IMPORTANT CHANGE
As noted in the comments, .Except() uses the set internally, so any duplicate elements of list1 will be missing in the final result.
Makes the difference set of two sequences
http://msdn.microsoft.com/en-us/library/system.linq.enumerable.except(v=vs.110).aspx
However, there is a solution that is both O (N) and keeps duplicates in the original list: change the RemoveAll(i => list2.Contains(i)) approach RemoveAll(i => list2.Contains(i)) to use the HashSet<int> to store the exception set.
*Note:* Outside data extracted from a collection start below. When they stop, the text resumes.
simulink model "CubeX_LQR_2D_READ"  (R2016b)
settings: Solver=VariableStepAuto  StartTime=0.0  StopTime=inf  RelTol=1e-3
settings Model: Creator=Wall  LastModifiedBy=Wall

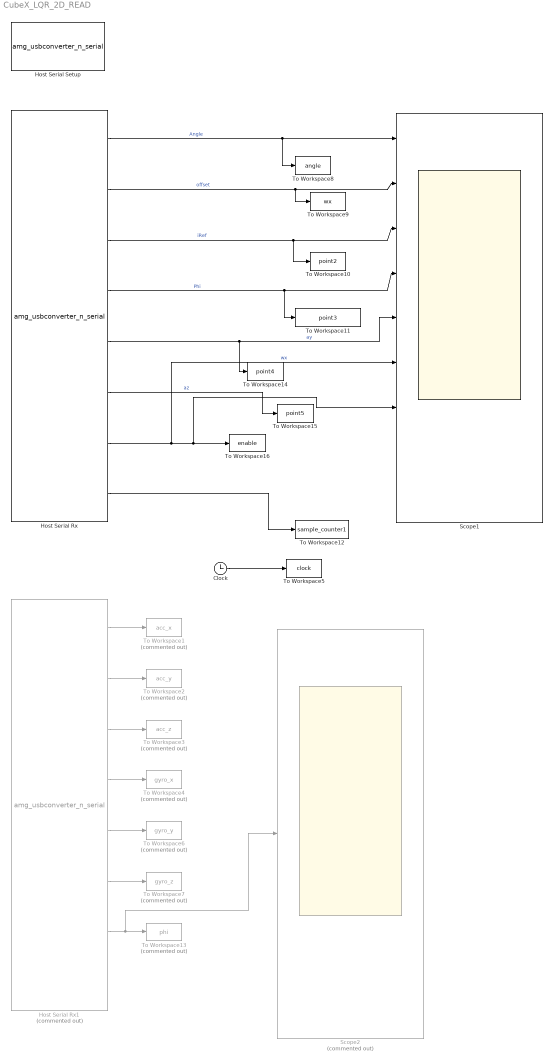
== system CubeX_LQR_2D_READ ==
  Clock : Clock
  Host Serial Rx : S-Function  Priority=1  FunctionName=amg_usbconverter_n_serial  Parameters=configuration,port,transfer,baudrate,stopbit,inputtype,outputtype,binheaderarray,binterminatorarray,asciiheader,asciiterminator,bindatalength,packetmode,timeout,sampletime,initialvalues,blockid  SFunctionDeploymentMode=off  EnableBusSupport=off  mask(amg_usbconverter_n_serial){configuration=Rx, port=COM3, baudrate=115200, databits=8, parity=None, stopbit=1, flowcontrol=None, advanceoptions=off, rxbuffersize=2048, txbuffersize=2048, transfer=Blocking, enableinitial=off, initialvalues=[], timeout=5, packetmode=Binary, binheader='0E 0E', binterminator='0A 0A', porttype_double=8, porttype_single=0, porttype_int8=0, porttype_uint8=0, porttype_int16=0, porttype_uint16=0, porttype_int32=0, porttype_uint32=0, asciiformat='%d,%f', rx_asciiterminator=LF (0x0A - "\n"), tx_asciiterminator=LF (0x0A - "\n"), inputtype=[0], outputtype=[8  0 0 0 0 0 0 0 0], binheaderarray=[2 14  14], binterminatorarray=[2 10  10], bindatalength=64, asciiheader=['%d,%f' uint8(10)], asciiterminator=[1 10], sampletime=0.002, sampletimestr=, blockid=HostSerialRx}
      mask prompts: baudrate "Baud rate (bps)"; databits "Data bits"; stopbit "Stop bit"; flowcontrol "Hardware flow control"; advanceoptions "Advance options"; rxbuffersize "Rx buffer size (bytes)"; txbuffersize "Tx buffer size (bytes)"; enableinitial "Enable initial value  (Closed loop HIL test)"; initialvalues "Initial values"; timeout "Wait time-out (Seconds)"; packetmode "Packet mode"; binheader "Binary header (example: '7E 7E')"; binterminator "Binary terminator (example: '03 03')"; porttype_double "Number of data port, type DOUBLE"; porttype_single "Number of data port, type SINGLE"; porttype_int8 "Number of data port, type INT8"; porttype_uint8 "Number of data port, type UINT8"; porttype_int16 "Number of data port, type INT16"; porttype_uint16 "Number of data port, type UINT16"; porttype_int32 "Number of data port, type INT32"; porttype_uint32 "Number of data port, type UINT32"; asciiformat "Ascii format"; rx_asciiterminator "End of packet"; tx_asciiterminator "End of packet"; inputtype "Input data type"; outputtype "Output data type"; binheaderarray "Binary header"; binterminatorarray "Binary terminator"; bindatalength "Binary data length"; asciiheader "Ascii header (printf format)"; asciiterminator "Ascii terminator"; sampletime "Sample time (sec)"; sampletimestr "Compiled sample time (sec) in string"
      mask help:
      | Enable initial value (Closed loop HIL test):
      |  - Checked: The block will return a initial value (constant) at first time step.
      |  - Unchecked: Normal operation, the block waiting for matched packet data before return value.
      mask init:
      | amg_usbconverter_n_serial_callback('init');
      mask Help: web(fullfile(waijungdocroot,'amg_usbconverter_n_uart.htm'), '-browser')
      mask TypeOptions configuration: Setup | Tx | Rx
      mask Callback configuration: amg_usbconverter_n_serial_callback('configuration');
      mask TypeOptions port: COM3
      mask Callback port: amg_usbconverter_n_serial_callback('port');
      mask Callback baudrate: amg_usbconverter_n_serial_callback('baudrate');
      mask TypeOptions databits: 8
      mask TypeOptions parity: None
      mask TypeOptions stopbit: 1 | 1.5 | 2
      mask TypeOptions flowcontrol: None | RTS | CTS | RTS/CTS
      mask Callback flowcontrol: amg_usbconverter_n_serial_callback('flowcontrol');
      mask Callback advanceoptions: amg_usbconverter_n_serial_callback('advanceoptions');
      mask TypeOptions rxbuffersize: 16 | 32 | 64 | 128 | 256 | 512 | 1024 | 2048
      mask TypeOptions txbuffersize: 16 | 32 | 64 | 128 | 256 | 512 | 1024 | 2048
      mask TypeOptions transfer: Blocking | Non-Blocking
      mask Callback transfer: amg_usbconverter_n_serial_callback('transfer');
      mask Callback enableinitial: amg_usbconverter_n_serial_callback('enableinitial');
      mask Callback initialvalues: amg_usbconverter_n_serial_callback('initialvalues');
      mask TypeOptions packetmode: Ascii | Binary
      mask Callback packetmode: amg_usbconverter_n_serial_callback('packetmode');
      mask Callback binheader: amg_usbconverter_n_serial_callback('binheader');
      mask Callback binterminator: amg_usbconverter_n_serial_callback('binterminator');
      mask Callback porttype_double: amg_usbconverter_n_serial_callback('porttype');
      mask Callback porttype_single: amg_usbconverter_n_serial_callback('porttype');
      mask Callback porttype_int8: amg_usbconverter_n_serial_callback('porttype');
      mask Callback porttype_uint8: amg_usbconverter_n_serial_callback('porttype');
      mask Callback porttype_int16: amg_usbconverter_n_serial_callback('porttype');
      mask Callback porttype_uint16: amg_usbconverter_n_serial_callback('porttype');
      mask Callback porttype_int32: amg_usbconverter_n_serial_callback('porttype');
      mask Callback porttype_uint32: amg_usbconverter_n_serial_callback('porttype');
      mask Callback asciiformat: amg_usbconverter_n_serial_callback('asciiformat');
      mask TypeOptions rx_asciiterminator: CR (0x0D - "\r") | LF (0x0A - "\n") | CRLF (0x0D 0x0A - "\r\n")
      mask Callback rx_asciiterminator: amg_usbconverter_n_serial_callback('rx_asciiterminator');
      mask TypeOptions tx_asciiterminator: CR (0x0D - "\r") | LF (0x0A - "\n") | CRLF (0x0D 0x0A - "\r\n") | None
      mask Callback tx_asciiterminator: amg_usbconverter_n_serial_callback('tx_asciiterminator');
      mask Callback sampletime: amg_usbconverter_n_serial_callback('sampletime');
      mask Callback sampletimestr: amg_usbconverter_n_serial_callback('sampletimestr');
      mask Callback blockid: amg_usbconverter_n_serial_callback('blockid');
      mask Display: text(0.05, 0.5, 'Port: COM3\nPacket: Binary\nTransfer: Blocking\nTs (sec): 0.002','ver','middle','hor','left');port_label('output', 1,'double');port_label('output', 2,'double');port_label('output', 3,'double');port_label('output', 4,'double');port_label('output', 5,'double');port_label('output', 6,'double');port_label('output', 7,'double');port_label('output', 8,'double');
  Host Serial Rx1 : S-Function  Priority=1  Commented=on  FunctionName=amg_usbconverter_n_serial  Parameters=configuration,port,transfer,baudrate,stopbit,inputtype,outputtype,binheaderarray,binterminatorarray,asciiheader,asciiterminator,bindatalength,packetmode,timeout,sampletime,initialvalues,blockid  SFunctionDeploymentMode=off  EnableBusSupport=off  mask(amg_usbconverter_n_serial){configuration=Rx, port=COM3, baudrate=115200, databits=8, parity=None, stopbit=1, flowcontrol=None, advanceoptions=off, rxbuffersize=2048, txbuffersize=2048, transfer=Blocking, enableinitial=off, initialvalues=[], timeout=5, packetmode=Binary, binheader='0E 0E', binterminator='0A 0A', porttype_double=8, porttype_single=0, porttype_int8=0, porttype_uint8=0, porttype_int16=0, porttype_uint16=0, porttype_int32=0, porttype_uint32=0, asciiformat='%d,%f', rx_asciiterminator=LF (0x0A - "\n"), tx_asciiterminator=LF (0x0A - "\n"), inputtype=[0], outputtype=[8  0 0 0 0 0 0 0 0], binheaderarray=[2 14  14], binterminatorarray=[2 10  10], bindatalength=64, asciiheader=['%d,%f' uint8(10)], asciiterminator=[1 10], sampletime=0.002, sampletimestr=, blockid=HostSerialRx1}
      mask prompts: baudrate "Baud rate (bps)"; databits "Data bits"; stopbit "Stop bit"; flowcontrol "Hardware flow control"; advanceoptions "Advance options"; rxbuffersize "Rx buffer size (bytes)"; txbuffersize "Tx buffer size (bytes)"; enableinitial "Enable initial value  (Closed loop HIL test)"; initialvalues "Initial values"; timeout "Wait time-out (Seconds)"; packetmode "Packet mode"; binheader "Binary header (example: '7E 7E')"; binterminator "Binary terminator (example: '03 03')"; porttype_double "Number of data port, type DOUBLE"; porttype_single "Number of data port, type SINGLE"; porttype_int8 "Number of data port, type INT8"; porttype_uint8 "Number of data port, type UINT8"; porttype_int16 "Number of data port, type INT16"; porttype_uint16 "Number of data port, type UINT16"; porttype_int32 "Number of data port, type INT32"; porttype_uint32 "Number of data port, type UINT32"; asciiformat "Ascii format"; rx_asciiterminator "End of packet"; tx_asciiterminator "End of packet"; inputtype "Input data type"; outputtype "Output data type"; binheaderarray "Binary header"; binterminatorarray "Binary terminator"; bindatalength "Binary data length"; asciiheader "Ascii header (printf format)"; asciiterminator "Ascii terminator"; sampletime "Sample time (sec)"; sampletimestr "Compiled sample time (sec) in string"
      mask help:
      | Enable initial value (Closed loop HIL test):
      |  - Checked: The block will return a initial value (constant) at first time step.
      |  - Unchecked: Normal operation, the block waiting for matched packet data before return value.
      mask init:
      | amg_usbconverter_n_serial_callback('init');
      mask Help: web(fullfile(waijungdocroot,'amg_usbconverter_n_uart.htm'), '-browser')
      mask TypeOptions configuration: Setup | Tx | Rx
      mask Callback configuration: amg_usbconverter_n_serial_callback('configuration');
      mask TypeOptions port: COM3
      mask Callback port: amg_usbconverter_n_serial_callback('port');
      mask Callback baudrate: amg_usbconverter_n_serial_callback('baudrate');
      mask TypeOptions databits: 8
      mask TypeOptions parity: None
      mask TypeOptions stopbit: 1 | 1.5 | 2
      mask TypeOptions flowcontrol: None | RTS | CTS | RTS/CTS
      mask Callback flowcontrol: amg_usbconverter_n_serial_callback('flowcontrol');
      mask Callback advanceoptions: amg_usbconverter_n_serial_callback('advanceoptions');
      mask TypeOptions rxbuffersize: 16 | 32 | 64 | 128 | 256 | 512 | 1024 | 2048
      mask TypeOptions txbuffersize: 16 | 32 | 64 | 128 | 256 | 512 | 1024 | 2048
      mask TypeOptions transfer: Blocking | Non-Blocking
      mask Callback transfer: amg_usbconverter_n_serial_callback('transfer');
      mask Callback enableinitial: amg_usbconverter_n_serial_callback('enableinitial');
      mask Callback initialvalues: amg_usbconverter_n_serial_callback('initialvalues');
      mask TypeOptions packetmode: Ascii | Binary
      mask Callback packetmode: amg_usbconverter_n_serial_callback('packetmode');
      mask Callback binheader: amg_usbconverter_n_serial_callback('binheader');
      mask Callback binterminator: amg_usbconverter_n_serial_callback('binterminator');
      mask Callback porttype_double: amg_usbconverter_n_serial_callback('porttype');
      mask Callback porttype_single: amg_usbconverter_n_serial_callback('porttype');
      mask Callback porttype_int8: amg_usbconverter_n_serial_callback('porttype');
      mask Callback porttype_uint8: amg_usbconverter_n_serial_callback('porttype');
      mask Callback porttype_int16: amg_usbconverter_n_serial_callback('porttype');
      mask Callback porttype_uint16: amg_usbconverter_n_serial_callback('porttype');
      mask Callback porttype_int32: amg_usbconverter_n_serial_callback('porttype');
      mask Callback porttype_uint32: amg_usbconverter_n_serial_callback('porttype');
      mask Callback asciiformat: amg_usbconverter_n_serial_callback('asciiformat');
      mask TypeOptions rx_asciiterminator: CR (0x0D - "\r") | LF (0x0A - "\n") | CRLF (0x0D 0x0A - "\r\n")
      mask Callback rx_asciiterminator: amg_usbconverter_n_serial_callback('rx_asciiterminator');
      mask TypeOptions tx_asciiterminator: CR (0x0D - "\r") | LF (0x0A - "\n") | CRLF (0x0D 0x0A - "\r\n") | None
      mask Callback tx_asciiterminator: amg_usbconverter_n_serial_callback('tx_asciiterminator');
      mask Callback sampletime: amg_usbconverter_n_serial_callback('sampletime');
      mask Callback sampletimestr: amg_usbconverter_n_serial_callback('sampletimestr');
      mask Callback blockid: amg_usbconverter_n_serial_callback('blockid');
      mask Display: text(0.05, 0.5, 'Port: COM3\nPacket: Binary\nTransfer: Blocking\nTs (sec): -1','ver','middle','hor','left');port_label('output', 1,'double');port_label('output', 2,'double');port_label('output', 3,'double');port_label('output', 4,'double');port_label('output', 5,'double');port_label('output', 6,'double');port_label('output', 7,'double');port_label('output', 8,'double');
  Host Serial Setup : S-Function  Priority=1  FunctionName=amg_usbconverter_n_serial  Parameters=configuration,port,transfer,baudrate,stopbit,inputtype,outputtype,binheaderarray,binterminatorarray,asciiheader,asciiterminator,bindatalength,packetmode,timeout,sampletime,sampletimestr,blockid  SFunctionDeploymentMode=off  EnableBusSupport=off  mask(amg_usbconverter_n_serial){configuration=Setup, port=COM3, baudrate=115200, databits=8, parity=None, stopbit=1, flowcontrol=None, advanceoptions=on, rxbuffersize=2048, txbuffersize=2048, transfer=Blocking, timeout=5, packetmode=Binary, binheader='7E 7E', binterminator='03 03', porttype_double=1, porttype_single=0, porttype_int8=1, porttype_uint8=0, porttype_int16=0, porttype_uint16=0, porttype_int32=0, porttype_uint32=0, asciiformat='%d,%f', rx_asciiterminator=CRLF (0x0D 0x0A - "\r\n"), tx_asciiterminator=CR (0x0D - "\r"), inputtype=[0], outputtype=[0], binheaderarray=[2 126  126], binterminatorarray=[2 3  3], bindatalength=0, asciiheader='', asciiterminator=[0], sampletime=inf, sampletimestr=, blockid=HostSerialSetup}
      mask prompts: baudrate "Baud rate (bps)"; databits "Data bits"; stopbit "Stop bit"; flowcontrol "Hardware flow control"; advanceoptions "Advance options"; rxbuffersize "Rx buffer size (bytes)"; txbuffersize "Tx buffer size (bytes)"; timeout "Wait time-out (Seconds)"; packetmode "Packet mode"; binheader "Binary header (example: '7E 7E')"; binterminator "Binary terminator (example: '03 03')"; porttype_double "Number of data port, type DOUBLE"; porttype_single "Number of data port, type SINGLE"; porttype_int8 "Number of data port, type INT8"; porttype_uint8 "Number of data port, type UINT8"; porttype_int16 "Number of data port, type INT16"; porttype_uint16 "Number of data port, type UINT16"; porttype_int32 "Number of data port, type INT32"; porttype_uint32 "Number of data port, type UINT32"; asciiformat "Ascii format"; rx_asciiterminator "End of packet"; tx_asciiterminator "End of packet"; inputtype "Input data type"; outputtype "Output data type"; binheaderarray "Binary header"; binterminatorarray "Binary terminator"; bindatalength "Binary data length"; asciiheader "Ascii header (printf format)"; asciiterminator "Ascii terminator"; sampletime "Sample time (sec)"; sampletimestr "Compiled sample time (sec) in string"
      mask init:
      | amg_usbconverter_n_serial_callback('init');
      mask Help: web(fullfile(waijungdocroot,'amg_usbconverter_n_uart.htm'), '-browser')
      mask TypeOptions configuration: Setup | Tx | Rx
      mask Callback configuration: amg_usbconverter_n_serial_callback('configuration');
      mask TypeOptions port: COM3
      mask Callback port: amg_usbconverter_n_serial_callback('port');
      mask Callback baudrate: amg_usbconverter_n_serial_callback('baudrate');
      mask TypeOptions databits: 8
      mask TypeOptions parity: None
      mask TypeOptions stopbit: 1 | 1.5 | 2
      mask TypeOptions flowcontrol: None | RTS | CTS | RTS/CTS
      mask Callback flowcontrol: amg_usbconverter_n_serial_callback('flowcontrol');
      mask Callback advanceoptions: amg_usbconverter_n_serial_callback('advanceoptions');
      mask TypeOptions rxbuffersize: 16 | 32 | 64 | 128 | 256 | 512 | 1024 | 2048
      mask TypeOptions txbuffersize: 16 | 32 | 64 | 128 | 256 | 512 | 1024 | 2048
      mask TypeOptions transfer: Blocking | Non-Blocking
      mask Callback transfer: amg_usbconverter_n_serial_callback('transfer');
      mask TypeOptions packetmode: Ascii | Binary
      mask Callback packetmode: amg_usbconverter_n_serial_callback('packetmode');
      mask Callback binheader: amg_usbconverter_n_serial_callback('binheader');
      mask Callback binterminator: amg_usbconverter_n_serial_callback('binterminator');
      mask Callback porttype_double: amg_usbconverter_n_serial_callback('porttype');
      mask Callback porttype_single: amg_usbconverter_n_serial_callback('porttype');
      mask Callback porttype_int8: amg_usbconverter_n_serial_callback('porttype');
      mask Callback porttype_uint8: amg_usbconverter_n_serial_callback('porttype');
      mask Callback porttype_int16: amg_usbconverter_n_serial_callback('porttype');
      mask Callback porttype_uint16: amg_usbconverter_n_serial_callback('porttype');
      mask Callback porttype_int32: amg_usbconverter_n_serial_callback('porttype');
      mask Callback porttype_uint32: amg_usbconverter_n_serial_callback('porttype');
      mask Callback asciiformat: amg_usbconverter_n_serial_callback('asciiformat');
      mask TypeOptions rx_asciiterminator: CR (0x0D - "\r") | LF (0x0A - "\n") | CRLF (0x0D 0x0A - "\r\n")
      mask Callback rx_asciiterminator: amg_usbconverter_n_serial_callback('rx_asciiterminator');
      mask TypeOptions tx_asciiterminator: CR (0x0D - "\r") | LF (0x0A - "\n") | CRLF (0x0D 0x0A - "\r\n") | None
      mask Callback tx_asciiterminator: amg_usbconverter_n_serial_callback('tx_asciiterminator');
      mask Callback sampletime: amg_usbconverter_n_serial_callback('sampletime');
      mask Callback sampletimestr: amg_usbconverter_n_serial_callback('sampletimestr');
      mask Callback blockid: amg_usbconverter_n_serial_callback('blockid');
      mask Display: text(0.5, 0.5, 'Port: COM3\nBaud (Bps): 115200\nFrame: 8-None-1','ver','middle','hor','center');
  Scope1 : Scope  NumInputPorts=9
  Scope2 : Scope  Commented=on
  To Workspace1 : ToWorkspace  Commented=on  VariableName=acc_x  SaveFormat=Timeseries  SampleTime=-1
  To Workspace10 : ToWorkspace  VariableName=point2  SaveFormat=Timeseries  SampleTime=-1
  To Workspace11 : ToWorkspace  VariableName=point3  SaveFormat=Timeseries  SampleTime=-1
  To Workspace12 : ToWorkspace  VariableName=sample_counter1  SaveFormat=Timeseries  SampleTime=-1
  To Workspace13 : ToWorkspace  Commented=on  VariableName=phi  SaveFormat=Timeseries  SampleTime=-1
  To Workspace14 : ToWorkspace  VariableName=point4  SaveFormat=Timeseries  SampleTime=-1
  To Workspace15 : ToWorkspace  VariableName=point5  SaveFormat=Timeseries  SampleTime=-1
  To Workspace16 : ToWorkspace  VariableName=enable  SaveFormat=Timeseries  SampleTime=-1
  To Workspace2 : ToWorkspace  Commented=on  VariableName=acc_y  SaveFormat=Timeseries  SampleTime=-1
  To Workspace3 : ToWorkspace  Commented=on  VariableName=acc_z  SaveFormat=Timeseries  SampleTime=-1
  To Workspace4 : ToWorkspace  Commented=on  VariableName=gyro_x  SaveFormat=Timeseries  SampleTime=-1
  To Workspace5 : ToWorkspace  VariableName=clock  SaveFormat=Timeseries  SampleTime=-1
  To Workspace6 : ToWorkspace  Commented=on  VariableName=gyro_y  SaveFormat=Timeseries  SampleTime=-1
  To Workspace7 : ToWorkspace  Commented=on  VariableName=gyro_z  SaveFormat=Timeseries  SampleTime=-1
  To Workspace8 : ToWorkspace  VariableName=angle  SaveFormat=Timeseries  SampleTime=-1
  To Workspace9 : ToWorkspace  VariableName=wx  SaveFormat=Timeseries  SampleTime=-1
  wires:
  Clock/1 -> To Workspace5/1
  Host Serial Rx/2 -> To Workspace9/1, Scope1/2  "offset"
  Host Serial Rx/3 -> To Workspace10/1, Scope1/3  "iRef"
  Host Serial Rx/4 -> To Workspace11/1, Scope1/4  "Phi"
  Host Serial Rx/8 -> To Workspace12/1
  Host Serial Rx/1 -> To Workspace8/1, Scope1/1  "Angle"
  Host Serial Rx/5 -> To Workspace14/1, Scope1/5  "ay"
  Host Serial Rx/6 -> To Workspace15/1  "az"
  Host Serial Rx1/1 -> To Workspace1/1
  Host Serial Rx1/2 -> To Workspace2/1
  Host Serial Rx1/3 -> To Workspace3/1
  Host Serial Rx1/4 -> To Workspace4/1
  Host Serial Rx1/5 -> To Workspace6/1
  Host Serial Rx1/6 -> To Workspace7/1
  Host Serial Rx1/7 -> Scope2/1, To Workspace13/1
  Host Serial Rx/7 -> Scope1/6, Scope1/7, To Workspace16/1  "wx"

List<int> list1 = Enumerable.Range(1, 10000000).ToList(); HashSet<int> exclusionSet = Enumerable.Range(500000, 10).ToHashSet(); list1.Remove(i => exclusionSet.Contains(i));
The ToHashSet() extension method is available in MoreLinq .
ORIGINAL RESPONSE
You can use linq
list1 = list1.Except(list2).ToList();
UPDATE
Out of curiosity, I did a simple test of my decision against @ HighCore's.
For list2 , which has only one item, its code runs faster. As list2 gets bigger and bigger, its code becomes very slow. It looks like its O (N-square) (or, more specifically, O (list1.length * list2.length), since each item in list1 compared with every item in list2 ). I donβt have enough data to validate Big-O of my solution, but it is much faster when list2 has more than a few items.
Code used for verification:
List<int> list1 = Enumerable.Range(1, 10000000).ToList(); List<int> list2 = Enumerable.Range(500000, 10).ToList();
UPDATE 2
This solution assigns the new list to list1 . As @ Tolya points out, other links (if any) to the original list1 will not be updated. This solution is significantly superior to RemoveAll for all but the smallest list2 sizes. If no other links should see the update, this is preferable for this reason.